For online-tools-only usage, API credits are not the sizing concern. For API and
automation usage, pick a plan based on monthly conversion volume, rate limits,
concurrency, and maximum delay requirements.

## Batch Safeguard

When the task will generate many PDFs, do not run the full batch first.

1. Build one parameterized conversion function or command.
2. Run it on one representative item.
3. Ask the user to inspect that PDF.
4. If the result is acceptable, confirm which credentials to use for the full
   run.
5. Run the batch and log per-item failures.

Skip the pause only when the user explicitly asks to run the full batch
immediately, or when the batch is very small and the user is watching.

## Troubleshooting Loop

Use this loop for existing integrations and wrong-looking output:

1. Reproduce the problem with the current code or command.
2. Inspect the generated PDF. Look for blank pages, login screens, cookie
   banners, loading states, missing images, wrong layout, unexpected headers,
   page-count changes, or broken text.
3. Enable the PDFCrowd debug log and read it yourself.
4. Match the evidence to one troubleshooting entry below.
5. Apply the smallest targeted fix.
6. Rerun and compare the new PDF with the previous output.
7. Stop after three full attempts if the issue is still unresolved. Summarize
   what was tried, what changed, and what the debug log shows.

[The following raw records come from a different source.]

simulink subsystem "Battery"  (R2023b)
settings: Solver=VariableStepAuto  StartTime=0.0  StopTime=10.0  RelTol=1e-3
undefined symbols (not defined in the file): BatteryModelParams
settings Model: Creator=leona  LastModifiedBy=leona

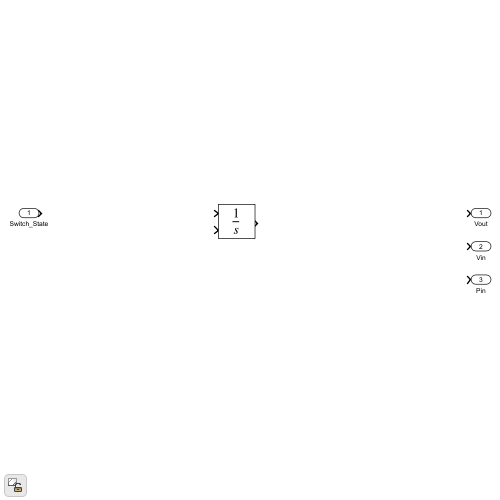
[thumbnail: Simulink's stored preview of the top-level diagram]
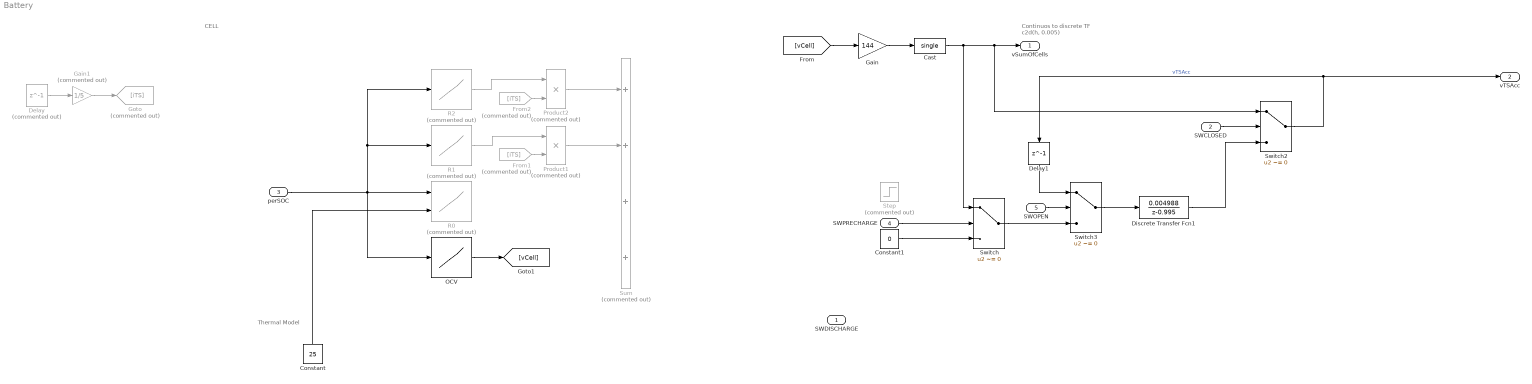
== system Battery ==
  note: CELL
  note: Thermal Model
  note: Continuos to discrete TF
      | c2d(h, 0.005)
  SWDISCHARGE : Inport
  SWCLOSED : Inport  Port=2
  perSOC : Inport  Port=3
  SWPRECHARGE : Inport  Port=4
  SWOPEN : Inport  Port=5
  Cast : DataTypeConversion  OutDataTypeStr=single  SaturateOnIntegerOverflow=off  RndMeth=Floor
  Constant : Constant  Value=25
  Constant1 : Constant  Value=0  OutDataTypeStr=single
  Delay : Delay  Commented=on  DelayLength=1
  Delay1 : Delay  DelayLength=1
  Discrete Transfer Fcn1 : DiscreteTransferFcn  Numerator=[0.004988]  Denominator=[1 -0.995]
  From1 : From  Commented=on  GotoTag=iTS
  From2 : From  Commented=on  GotoTag=iTS
  Gain : Gain  Gain=144  OutDataTypeStr=single
  Gain1 : Gain  Commented=on  Gain=1/5
  Goto : Goto  Commented=on  GotoTag=iTS
  OCV : Lookup_n-D  NumberOfTableDimensions=1  BreakpointsForDimension1=[1:100]  Table=BatteryModelParams.OCV_lut(:,1)  ExtrapMethod=Clip  InternalRulePriority=Speed  RndMeth=Simplest
  Product1 : Product  Commented=on
  Product2 : Product  Commented=on
  R0 : Lookup_n-D  Commented=on  BreakpointsForDimension1=[1:100]  BreakpointsForDimension2=[21:60]  Table=BatteryModelParams.R0_lut  InternalRulePriority=Speed  RndMeth=Simplest
      settings: InputPortMap=u0,u1
  R1 : Lookup_n-D  Commented=on  NumberOfTableDimensions=1  BreakpointsForDimension1=[1:100]  Table=BatteryModelParams.R1_lut(:,1)  InternalRulePriority=Speed  RndMeth=Simplest
  R2 : Lookup_n-D  Commented=on  NumberOfTableDimensions=1  BreakpointsForDimension1=[1:100]  Table=BatteryModelParams.C1_lut(:,1)  InternalRulePriority=Speed  RndMeth=Simplest
  Step : Step  Commented=on  Time=5  Before=1  After=0
  Sum : Sum  Commented=on  Inputs=++++
  Switch : Switch  Criteria=u2 ~= 0  SaturateOnIntegerOverflow=off  InputSameDT=off
  Switch2 : Switch  Criteria=u2 ~= 0  SaturateOnIntegerOverflow=off  InputSameDT=off
  Switch3 : Switch  Criteria=u2 ~= 0  SaturateOnIntegerOverflow=off  InputSameDT=off
  vSumOfCells : Outport
  vTSAcc : Outport  Port=2
  wires:
  Constant/1 -> R0/2
  perSOC/1 -> R0/1, R2/1, R1/1, OCV/1
  From1/1 -> Product1/2
  From2/1 -> Product2/2
  R2/1 -> Product2/1
  R1/1 -> Product1/1
  Product2/1 -> Sum/1
  Product1/1 -> Sum/2
  OCV/1 -> [vCell]
  Gain1/1 -> Goto/1
  Delay/1 -> Gain1/1
  [vCell] -> Gain/1
  Gain/1 -> Cast/1
  Cast/1 -> vSumOfCells/1, Switch2/1, Switch/1
  SWCLOSED/1 -> Switch2/2
  Switch2/1 -> Delay1/1, vTSAcc/1  "vTSAcc"
  Discrete Transfer Fcn1/1 -> Switch2/3
  SWOPEN/1 -> Switch3/2
  Switch3/1 -> Discrete Transfer Fcn1/1
  Delay1/1 -> Switch3/1
  Switch/1 -> Switch3/3
  Constant1/1 -> Switch/3
  SWPRECHARGE/1 -> Switch/2

Browser-assisted inspection can be useful, but do not request browser access by
default. Offer it only when it would materially help the specific issue, such as
choosing selectors, diagnosing dynamic rendering, checking network requests, or
comparing live DOM state with PDF output. Explain why it could help and let the
user decide, because browser access may be too invasive or insecure for some
users.

## Debug Log

Enable the debug log when the cause is not obvious.

Client libraries:

```python
client.setDebugLog(True)
client.convertUrlToFile("https://example.com", "output.pdf")
print(client.getDebugLogUrl())
```

HTTP REST:

```bash
curl -D headers.txt \
  -u "${PDFCROWD_USERNAME}:${PDFCROWD_API_KEY}" \
  -F "url=https://example.com" \
  -F "debug_log=true" \
  -o "output.pdf" \
  https://api.pdfcrowd.com/convert/24.04/

grep -i x-pdfcrowd-debug-log headers.txt
```

The HTTP response header is `x-pdfcrowd-debug-log`. The log URL has this form:

```text
https://api.pdfcrowd.com/s/debug/YYYY-MM-DD/<hash>.txt
```

Fetch the log with a normal HTTP GET. It does not require authentication. Scan
for:

- HTTP status errors for CSS, images, fonts, JavaScript, or API calls.
- JavaScript `TypeError`, `ReferenceError`, rejected promises, or console
  errors.
- Warnings about blocked requests, unavailable fonts, SSL issues, or timeouts.
- Lines tagged `[FATAL]`, `[ERROR]`, or `[WARN]`.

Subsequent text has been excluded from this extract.